September 8, 2016

Back To (Sunday) School

I’m writing this on the day after Labor Day, also known in our household as our daughter’s first day of third grade. In our community, most school-aged children have been back in school for a while now (my daughter’s school does things a bit differently), but summer’s unofficial ending is now past.

In the church, as well, we’re gearing up for another year of Sunday School and formation. Our Sunday School Kickoff Sunday is, as it’s been, this weekend, right after Labor Day. I’m very proud that St. George’s, as a community, has grown a heart for formation ministries. When I arrived as rector nine years ago, there was a dedicated team of teachers and a great, but small crew of children and youth. They followed the one-room-schoolhouse approach, and critical numbers weren’t strong enough. Teachers on the search committee told me they didn’t have enough volunteers to help so, in their words, “we all wear several hats.” In my first few years, as part of investing in this community – not just the congregation I saw regularly but the wider networks of people, many of whom have deep ties to this church – I met lots of children, and learned that this area is, in fact, teeming with young families and young children, and I also came into contact with a lot of gifted and spiritually deep adults, many of whom are currently some of our best teachers. Our Sunday School has grown from one class to four, from probably a handful of children to nearly 40. I’m proud that the addition of a regular Sunday morning adult forum has seemed to stick, too.

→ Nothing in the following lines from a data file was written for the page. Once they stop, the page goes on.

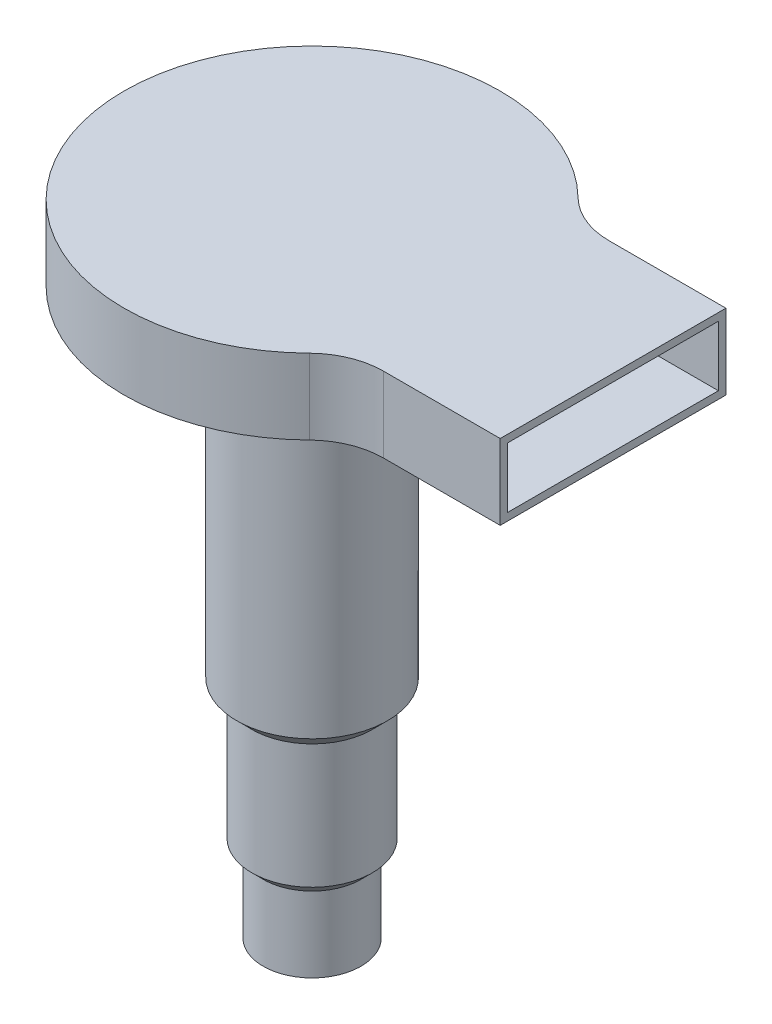
ISO-10303-21;
HEADER;
FILE_DESCRIPTION(('STEP AP214'),'2;1');
FILE_NAME('part.step','',(''),(''),'','','');
FILE_SCHEMA(('AUTOMOTIVE_DESIGN { 1 0 10303 214 1 1 1 1 }'));
ENDSEC;
DATA;
#1=APPLICATION_CONTEXT('core data for automotive mechanical design processes');
#2=APPLICATION_PROTOCOL_DEFINITION('international standard','automotive_design',2000,#1);
#3=PRODUCT_CONTEXT('',#1,'mechanical');
#4=PRODUCT('Part','Part','',(#3));
#5=PRODUCT_RELATED_PRODUCT_CATEGORY('part','',(#4));
#6=PRODUCT_DEFINITION_FORMATION('','',#4);
#7=PRODUCT_DEFINITION_CONTEXT('part definition',#1,'design');
#8=PRODUCT_DEFINITION('design','',#6,#7);
#9=PRODUCT_DEFINITION_SHAPE('','',#8);
#10=(LENGTH_UNIT() NAMED_UNIT(*) SI_UNIT(.MILLI.,.METRE.));
#11=(NAMED_UNIT(*) PLANE_ANGLE_UNIT() SI_UNIT($,.RADIAN.));
#12=(NAMED_UNIT(*) SI_UNIT($,.STERADIAN.) SOLID_ANGLE_UNIT());
#13=UNCERTAINTY_MEASURE_WITH_UNIT(LENGTH_MEASURE(1.E-05),#10,'distance_accuracy_value','');
#14=(GEOMETRIC_REPRESENTATION_CONTEXT(3) GLOBAL_UNCERTAINTY_ASSIGNED_CONTEXT((#13)) GLOBAL_UNIT_ASSIGNED_CONTEXT((#10,
#11,#12)) REPRESENTATION_CONTEXT('',''));
#15=CARTESIAN_POINT('',(0.,0.,0.));
#16=DIRECTION('',(0.,0.,1.));
#17=DIRECTION('',(1.,0.,0.));
#18=AXIS2_PLACEMENT_3D('',#15,#16,#17);
#19=CARTESIAN_POINT('',(40.,85.,-15.));
#20=DIRECTION('',(-1.,0.,0.));
#21=DIRECTION('',(0.,0.,1.));
#22=AXIS2_PLACEMENT_3D('',#19,#20,#21);
#23=PLANE('',#22);
#24=DIRECTION('',(0.,0.,-1.));
#25=VECTOR('',#24,1.);
#26=CARTESIAN_POINT('',(40.,75.,-15.));
#27=LINE('',#26,#25);
#28=CARTESIAN_POINT('',(40.,75.,15.));
#29=VERTEX_POINT('',#28);
#30=CARTESIAN_POINT('',(40.,75.,-15.));
#31=VERTEX_POINT('',#30);
#32=EDGE_CURVE('E144',#29,#31,#27,.T.);
#33=ORIENTED_EDGE('',*,*,#32,.T.);
#34=DIRECTION('',(0.,-1.,0.));
#35=VECTOR('',#34,1.);
#36=CARTESIAN_POINT('',(40.,85.,-15.));
#37=LINE('',#36,#35);
#38=CARTESIAN_POINT('',(40.,85.,-15.));
#39=VERTEX_POINT('',#38);
#40=EDGE_CURVE('E44',#39,#31,#37,.T.);
#41=ORIENTED_EDGE('',*,*,#40,.F.);
#42=DIRECTION('',(0.,0.,-1.));
#43=VECTOR('',#42,1.);
#44=CARTESIAN_POINT('',(40.,85.,-15.));
#45=LINE('',#44,#43);
#46=CARTESIAN_POINT('',(40.,85.,15.));
#47=VERTEX_POINT('',#46);
#48=EDGE_CURVE('E162',#47,#39,#45,.T.);
#49=ORIENTED_EDGE('',*,*,#48,.F.);
#50=DIRECTION('',(0.,-1.,0.));
#51=VECTOR('',#50,1.);
#52=CARTESIAN_POINT('',(40.,85.,15.));
#53=LINE('',#52,#51);
#54=EDGE_CURVE('E140',#47,#29,#53,.T.);
#55=ORIENTED_EDGE('',*,*,#54,.T.);
#56=EDGE_LOOP('',(#33,#41,#49,#55));
#57=FACE_BOUND('',#56,.T.);
#58=DIRECTION('',(0.,0.,-1.));
#59=VECTOR('',#58,1.);
#60=CARTESIAN_POINT('',(40.,76.,25.));
#61=LINE('',#60,#59);
#62=CARTESIAN_POINT('',(40.,76.,14.));
#63=VERTEX_POINT('',#62);
#64=CARTESIAN_POINT('',(40.,76.,-14.));
#65=VERTEX_POINT('',#64);
#66=EDGE_CURVE('E189',#63,#65,#61,.T.);
#67=ORIENTED_EDGE('',*,*,#66,.F.);
#68=DIRECTION('',(0.,-1.,0.));
#69=VECTOR('',#68,1.);
#70=CARTESIAN_POINT('',(40.,85.,14.));
#71=LINE('',#70,#69);
#72=CARTESIAN_POINT('',(40.,84.,14.));
#73=VERTEX_POINT('',#72);
#74=EDGE_CURVE('E195',#73,#63,#71,.T.);
#75=ORIENTED_EDGE('',*,*,#74,.F.);
#76=DIRECTION('',(0.,0.,-1.));
#77=VECTOR('',#76,1.);
#78=CARTESIAN_POINT('',(40.,84.,25.));
#79=LINE('',#78,#77);
#80=CARTESIAN_POINT('',(40.,84.,-14.));
#81=VERTEX_POINT('',#80);
#82=EDGE_CURVE('E57',#73,#81,#79,.T.);
#83=ORIENTED_EDGE('',*,*,#82,.T.);
#84=DIRECTION('',(0.,-1.,0.));
#85=VECTOR('',#84,1.);
#86=CARTESIAN_POINT('',(40.,85.,-14.));
#87=LINE('',#86,#85);
#88=EDGE_CURVE('E149',#81,#65,#87,.T.);
#89=ORIENTED_EDGE('',*,*,#88,.T.);
#90=EDGE_LOOP('',(#67,#75,#83,#89));
#91=FACE_BOUND('',#90,.T.);
#92=ADVANCED_FACE('F41',(#57,#91),#23,.F.);
#93=CARTESIAN_POINT('',(24.4948974278318,85.,-15.));
#94=DIRECTION('',(0.,0.,1.));
#95=DIRECTION('',(1.,0.,0.));
#96=AXIS2_PLACEMENT_3D('',#93,#94,#95);
#97=PLANE('',#96);
#98=DIRECTION('',(-1.,0.,0.));
#99=VECTOR('',#98,1.);
#100=CARTESIAN_POINT('',(24.4948974278318,75.,-15.));
#101=LINE('',#100,#99);
#102=CARTESIAN_POINT('',(24.4948974278318,75.,-15.));
#103=VERTEX_POINT('',#102);
#104=EDGE_CURVE('E148',#31,#103,#101,.T.);
#105=ORIENTED_EDGE('',*,*,#104,.T.);
#106=DIRECTION('',(0.,-1.,0.));
#107=VECTOR('',#106,1.);
#108=CARTESIAN_POINT('',(24.4948974278318,85.,-15.));
#109=LINE('',#108,#107);
#110=CARTESIAN_POINT('',(24.4948974278318,85.,-15.));
#111=VERTEX_POINT('',#110);
#112=EDGE_CURVE('E168',#111,#103,#109,.T.);
#113=ORIENTED_EDGE('',*,*,#112,.F.);
#114=DIRECTION('',(-1.,0.,0.));
#115=VECTOR('',#114,1.);
#116=CARTESIAN_POINT('',(24.4948974278318,85.,-15.));
#117=LINE('',#116,#115);
#118=EDGE_CURVE('E102',#39,#111,#117,.T.);
#119=ORIENTED_EDGE('',*,*,#118,.F.);
#120=ORIENTED_EDGE('',*,*,#40,.T.);
#121=EDGE_LOOP('',(#105,#113,#119,#120));
#122=FACE_BOUND('',#121,.T.);
#123=ADVANCED_FACE('F175',(#122),#97,.F.);
#124=CARTESIAN_POINT('',(24.4948974278318,85.,-25.));
#125=DIRECTION('',(0.,-1.,0.));
#126=DIRECTION('',(0.,0.,-1.));
#127=AXIS2_PLACEMENT_3D('',#124,#125,#126);
#128=CYLINDRICAL_SURFACE('',#127,10.);
#129=CARTESIAN_POINT('',(24.4948974278318,75.,-25.));
#130=DIRECTION('',(0.,-1.,0.));
#131=DIRECTION('',(0.,0.,-1.));
#132=AXIS2_PLACEMENT_3D('',#129,#130,#131);
#133=CIRCLE('',#132,10.);
#134=CARTESIAN_POINT('',(17.4963553055941,75.,-17.8571428571429));
#135=VERTEX_POINT('',#134);
#136=EDGE_CURVE('E152',#103,#135,#133,.T.);
#137=ORIENTED_EDGE('',*,*,#136,.T.);
#138=DIRECTION('',(0.,-1.,0.));
#139=VECTOR('',#138,1.);
#140=CARTESIAN_POINT('',(17.4963553055941,85.,-17.8571428571429));
#141=LINE('',#140,#139);
#142=CARTESIAN_POINT('',(17.4963553055941,85.,-17.8571428571429));
#143=VERTEX_POINT('',#142);
#144=EDGE_CURVE('E133',#143,#135,#141,.T.);
#145=ORIENTED_EDGE('',*,*,#144,.F.);
#146=CARTESIAN_POINT('',(24.4948974278318,85.,-25.));
#147=DIRECTION('',(0.,-1.,0.));
#148=DIRECTION('',(0.,0.,-1.));
#149=AXIS2_PLACEMENT_3D('',#146,#147,#148);
#150=CIRCLE('',#149,10.);
#151=EDGE_CURVE('E119',#111,#143,#150,.T.);
#152=ORIENTED_EDGE('',*,*,#151,.F.);
#153=ORIENTED_EDGE('',*,*,#112,.T.);
#154=EDGE_LOOP('',(#137,#145,#152,#153));
#155=FACE_BOUND('',#154,.T.);
#156=ADVANCED_FACE('F182',(#155),#128,.F.);
#157=CARTESIAN_POINT('',(0.,85.,0.));
#158=DIRECTION('',(0.,-1.,0.));
#159=DIRECTION('',(0.,0.,-1.));
#160=AXIS2_PLACEMENT_3D('',#157,#158,#159);
#161=CYLINDRICAL_SURFACE('',#160,25.);
#162=CARTESIAN_POINT('',(0.,75.,0.));
#163=DIRECTION('',(0.,1.,0.));
#164=DIRECTION('',(0.,0.,1.));
#165=AXIS2_PLACEMENT_3D('',#162,#163,#164);
#166=CIRCLE('',#165,25.);
#167=CARTESIAN_POINT('',(17.4963553055941,75.,17.8571428571429));
#168=VERTEX_POINT('',#167);
#169=EDGE_CURVE('E129',#135,#168,#166,.T.);
#170=ORIENTED_EDGE('',*,*,#169,.T.);
#171=DIRECTION('',(0.,-1.,0.));
#172=VECTOR('',#171,1.);
#173=CARTESIAN_POINT('',(17.4963553055941,85.,17.8571428571429));
#174=LINE('',#173,#172);
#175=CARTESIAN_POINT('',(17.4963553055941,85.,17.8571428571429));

While I have obvious love for the traditional Sunday School model – or some version of that model, given whatever day might work better or best for your community – I’m not only writing to give props to that system. I’m writing because I think we would do well to return to the original idea of the Sunday School. This might be one of those tools from our past which, today, will help us learn new skills and venture forth into our communities, as they’re formed today.

The original idea of the Sunday School was to create something of a community outreach center, a place of genuine instruction and education – most useful, especially when Sunday’s were the only day a working-class family had to engage in leisure activities. Sunday Schools were not places to keep the kids engaged while parents worshipped. They were not simply about teaching the Bible or the Christian faith. They were not even buildings connected to the parish church, either physically or institutionally. Sunday Schools were places in which the church, the Body of Christ, reached out to its community, coming to them on their terms and on their day off so that the common good might be realized.

Over the years, however, Sunday School has turned into a place in which children – most still think of ‘small children’ – learn stories about Jesus and the Bible. It’s mostly connected to the church itself and in tandem somehow with the worship gathering(s). Free public education and the introduction of child labor laws, mostly, led to this eventual transformation of Sunday Schools.

But what if Sunday School became, once again, so much more than religious instruction before or after worship? What if Sunday School became more than an add-on to Sunday morning worship schedules?

I’m starting to wonder if dusting off the original concept of the Sunday School might be one of the ways in which the we might find new and creative expressions of our faith in Christ. Could this be, once again, a model by which we engage and invest in our communities? It might not be connected to Sundays, whatsoever, but instead we’d have to read our communities and determine those times, days, seasons when people take some measure of rest from their work, when they find themselves needy for instruction, depth, community. What if the future of the church looked like a series of sporadic, ‘pop up’ gatherings of disciples – some doing justice work, some doing bible study, some worshiping, some gathering for singing?

Some years ago, writer Thom Rainer gave food for thought for this new, yet old venture. In his book, High Expectations (1999), among other things Rainer looked at the patterns of belief and practice among those who gave themselves to Christ five years prior to his research. Of those who regularly participated in worship and Sunday School / formation activities over those five years, 82% were still active in their communities of faith. Of those who only attended worship in that same time frame, however, only 16% remained active. If we’re only offering Sunday morning worship and occasional weekly fellowship gatherings, we shouldn’t be surprised to see only 2 out of 10 people remaining in our pews in a relatively short period of time. But, perhaps, we don’t need so much to re-think Sunday mornings. Perhaps we need to get beyond Sunday mornings, into face-to-face encounters with the citizens in this new industrial age, less gritty and more accustomed to creaturely comforts than those in the 18[1] century, but still just as needy for formation, friendship, fellowship and connection, not just with other people but with God made known to us in Jesus Christ.